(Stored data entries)
--- START ---

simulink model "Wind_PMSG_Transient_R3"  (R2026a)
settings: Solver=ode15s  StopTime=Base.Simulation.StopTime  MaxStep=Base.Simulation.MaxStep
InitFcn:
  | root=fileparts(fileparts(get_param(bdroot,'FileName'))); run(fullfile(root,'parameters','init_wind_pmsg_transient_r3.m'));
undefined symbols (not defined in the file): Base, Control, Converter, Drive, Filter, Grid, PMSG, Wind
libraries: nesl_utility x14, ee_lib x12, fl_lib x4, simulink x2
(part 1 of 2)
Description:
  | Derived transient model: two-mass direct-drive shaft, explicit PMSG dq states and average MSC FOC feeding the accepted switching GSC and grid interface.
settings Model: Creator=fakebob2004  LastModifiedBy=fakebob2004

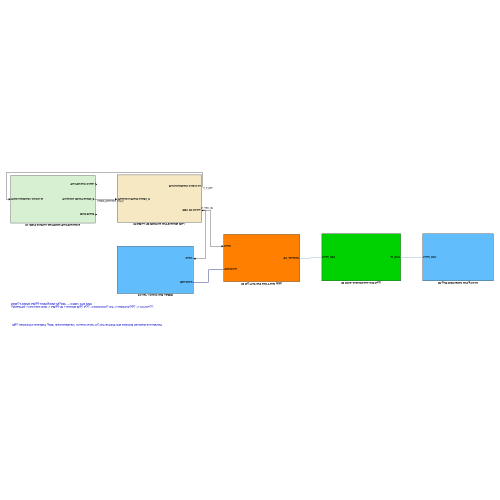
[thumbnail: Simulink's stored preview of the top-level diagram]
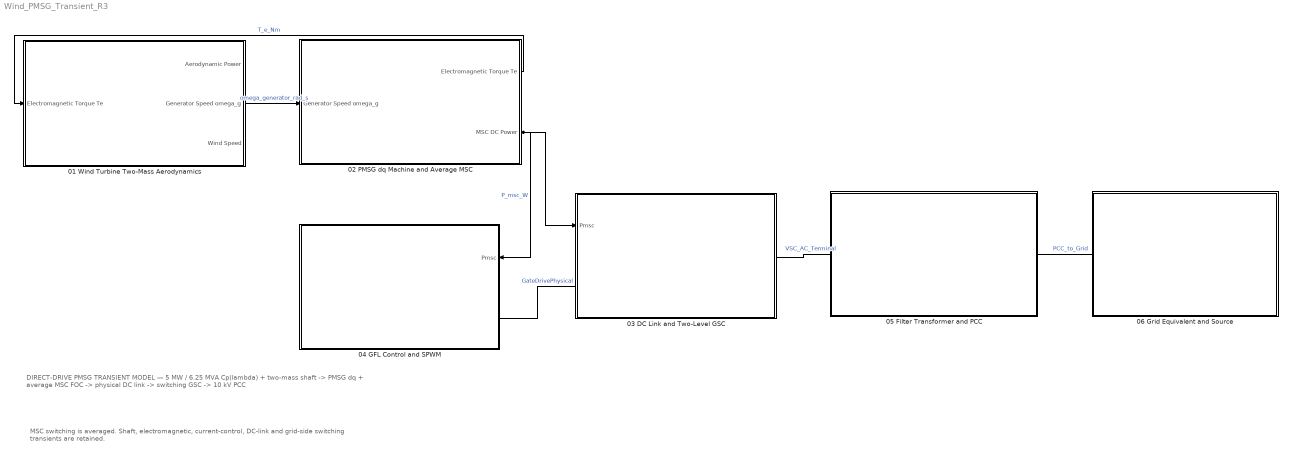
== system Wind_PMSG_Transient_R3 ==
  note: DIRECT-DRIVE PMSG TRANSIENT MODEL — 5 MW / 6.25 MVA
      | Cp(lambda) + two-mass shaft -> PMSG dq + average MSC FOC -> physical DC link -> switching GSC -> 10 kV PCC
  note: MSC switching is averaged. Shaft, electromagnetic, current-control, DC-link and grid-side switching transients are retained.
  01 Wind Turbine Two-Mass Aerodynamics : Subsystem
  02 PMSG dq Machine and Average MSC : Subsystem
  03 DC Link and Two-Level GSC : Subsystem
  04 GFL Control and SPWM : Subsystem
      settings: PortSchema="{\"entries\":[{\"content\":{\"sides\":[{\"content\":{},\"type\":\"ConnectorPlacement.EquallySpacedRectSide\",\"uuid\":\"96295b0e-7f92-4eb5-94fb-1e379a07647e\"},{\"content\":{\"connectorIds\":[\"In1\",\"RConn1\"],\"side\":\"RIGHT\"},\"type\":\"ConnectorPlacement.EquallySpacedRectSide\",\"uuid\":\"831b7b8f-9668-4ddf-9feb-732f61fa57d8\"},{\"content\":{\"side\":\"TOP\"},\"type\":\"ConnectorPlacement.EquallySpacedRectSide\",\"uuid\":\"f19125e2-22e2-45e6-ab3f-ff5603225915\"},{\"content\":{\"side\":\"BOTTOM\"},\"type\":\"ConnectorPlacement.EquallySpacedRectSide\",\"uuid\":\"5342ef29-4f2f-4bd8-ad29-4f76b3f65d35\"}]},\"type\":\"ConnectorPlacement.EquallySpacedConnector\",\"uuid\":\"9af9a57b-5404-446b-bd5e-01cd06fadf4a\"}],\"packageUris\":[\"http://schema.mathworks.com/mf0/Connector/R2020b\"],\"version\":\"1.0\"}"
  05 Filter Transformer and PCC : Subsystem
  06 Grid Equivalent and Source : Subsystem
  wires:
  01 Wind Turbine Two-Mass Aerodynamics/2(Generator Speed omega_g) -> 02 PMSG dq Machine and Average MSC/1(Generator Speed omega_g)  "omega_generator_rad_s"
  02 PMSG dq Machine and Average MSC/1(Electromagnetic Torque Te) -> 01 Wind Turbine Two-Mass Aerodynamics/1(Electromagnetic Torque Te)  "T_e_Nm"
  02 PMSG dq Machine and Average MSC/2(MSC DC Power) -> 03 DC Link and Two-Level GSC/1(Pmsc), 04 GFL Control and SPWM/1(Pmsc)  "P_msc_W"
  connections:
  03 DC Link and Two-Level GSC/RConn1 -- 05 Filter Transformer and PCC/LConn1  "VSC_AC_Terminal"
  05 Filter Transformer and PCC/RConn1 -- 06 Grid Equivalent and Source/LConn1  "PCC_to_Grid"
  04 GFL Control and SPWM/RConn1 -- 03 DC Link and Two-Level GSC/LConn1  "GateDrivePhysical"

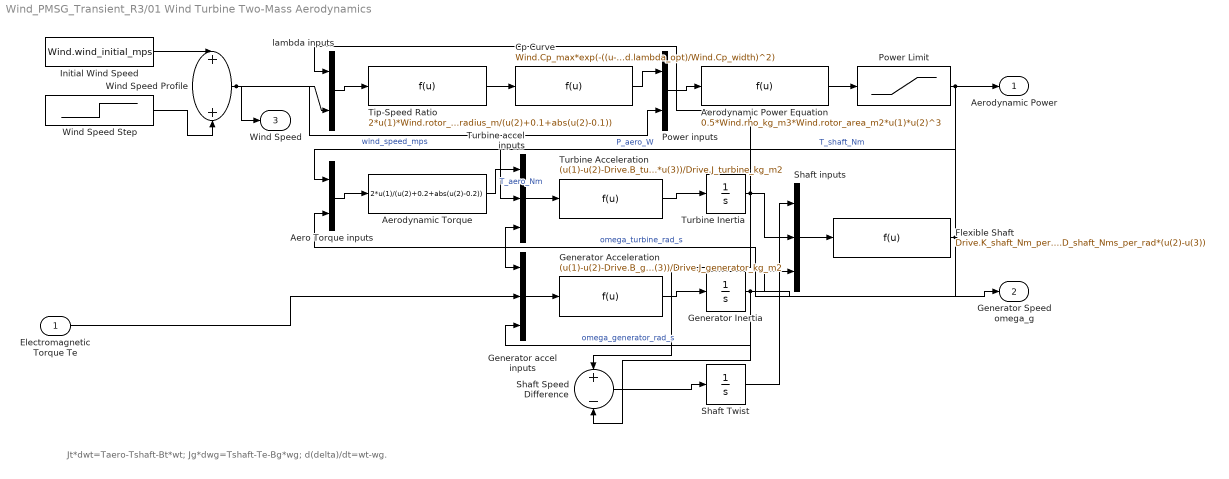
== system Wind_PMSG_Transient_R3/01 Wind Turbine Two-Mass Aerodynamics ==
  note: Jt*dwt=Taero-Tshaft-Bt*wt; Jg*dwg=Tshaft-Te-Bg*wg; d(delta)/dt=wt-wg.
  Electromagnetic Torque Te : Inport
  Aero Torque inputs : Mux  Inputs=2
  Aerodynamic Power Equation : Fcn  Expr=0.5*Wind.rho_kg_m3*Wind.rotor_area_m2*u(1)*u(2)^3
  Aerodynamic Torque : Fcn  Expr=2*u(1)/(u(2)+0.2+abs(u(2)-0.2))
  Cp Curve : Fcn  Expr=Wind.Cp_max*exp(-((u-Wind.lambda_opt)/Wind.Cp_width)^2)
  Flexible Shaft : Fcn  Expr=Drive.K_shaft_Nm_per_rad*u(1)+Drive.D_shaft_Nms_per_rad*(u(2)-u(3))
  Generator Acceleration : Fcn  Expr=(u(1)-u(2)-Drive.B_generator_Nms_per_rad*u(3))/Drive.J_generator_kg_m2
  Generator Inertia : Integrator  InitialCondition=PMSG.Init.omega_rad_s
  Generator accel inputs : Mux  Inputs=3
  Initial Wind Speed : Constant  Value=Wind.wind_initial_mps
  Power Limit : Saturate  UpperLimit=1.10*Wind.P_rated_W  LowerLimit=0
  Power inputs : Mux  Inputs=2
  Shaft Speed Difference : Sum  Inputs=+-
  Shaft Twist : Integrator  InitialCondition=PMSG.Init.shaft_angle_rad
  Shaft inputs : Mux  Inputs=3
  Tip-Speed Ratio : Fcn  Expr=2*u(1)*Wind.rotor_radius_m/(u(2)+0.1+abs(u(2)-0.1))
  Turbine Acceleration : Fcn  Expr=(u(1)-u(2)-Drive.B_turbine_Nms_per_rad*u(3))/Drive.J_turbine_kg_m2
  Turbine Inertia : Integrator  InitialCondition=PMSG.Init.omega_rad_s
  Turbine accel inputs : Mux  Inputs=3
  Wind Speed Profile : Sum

--- END ---

__WORK REQUEST__.
Within the entries above, how many lines include the word "Source"? Respond with the number only.

__COMPLETED TASK__.
2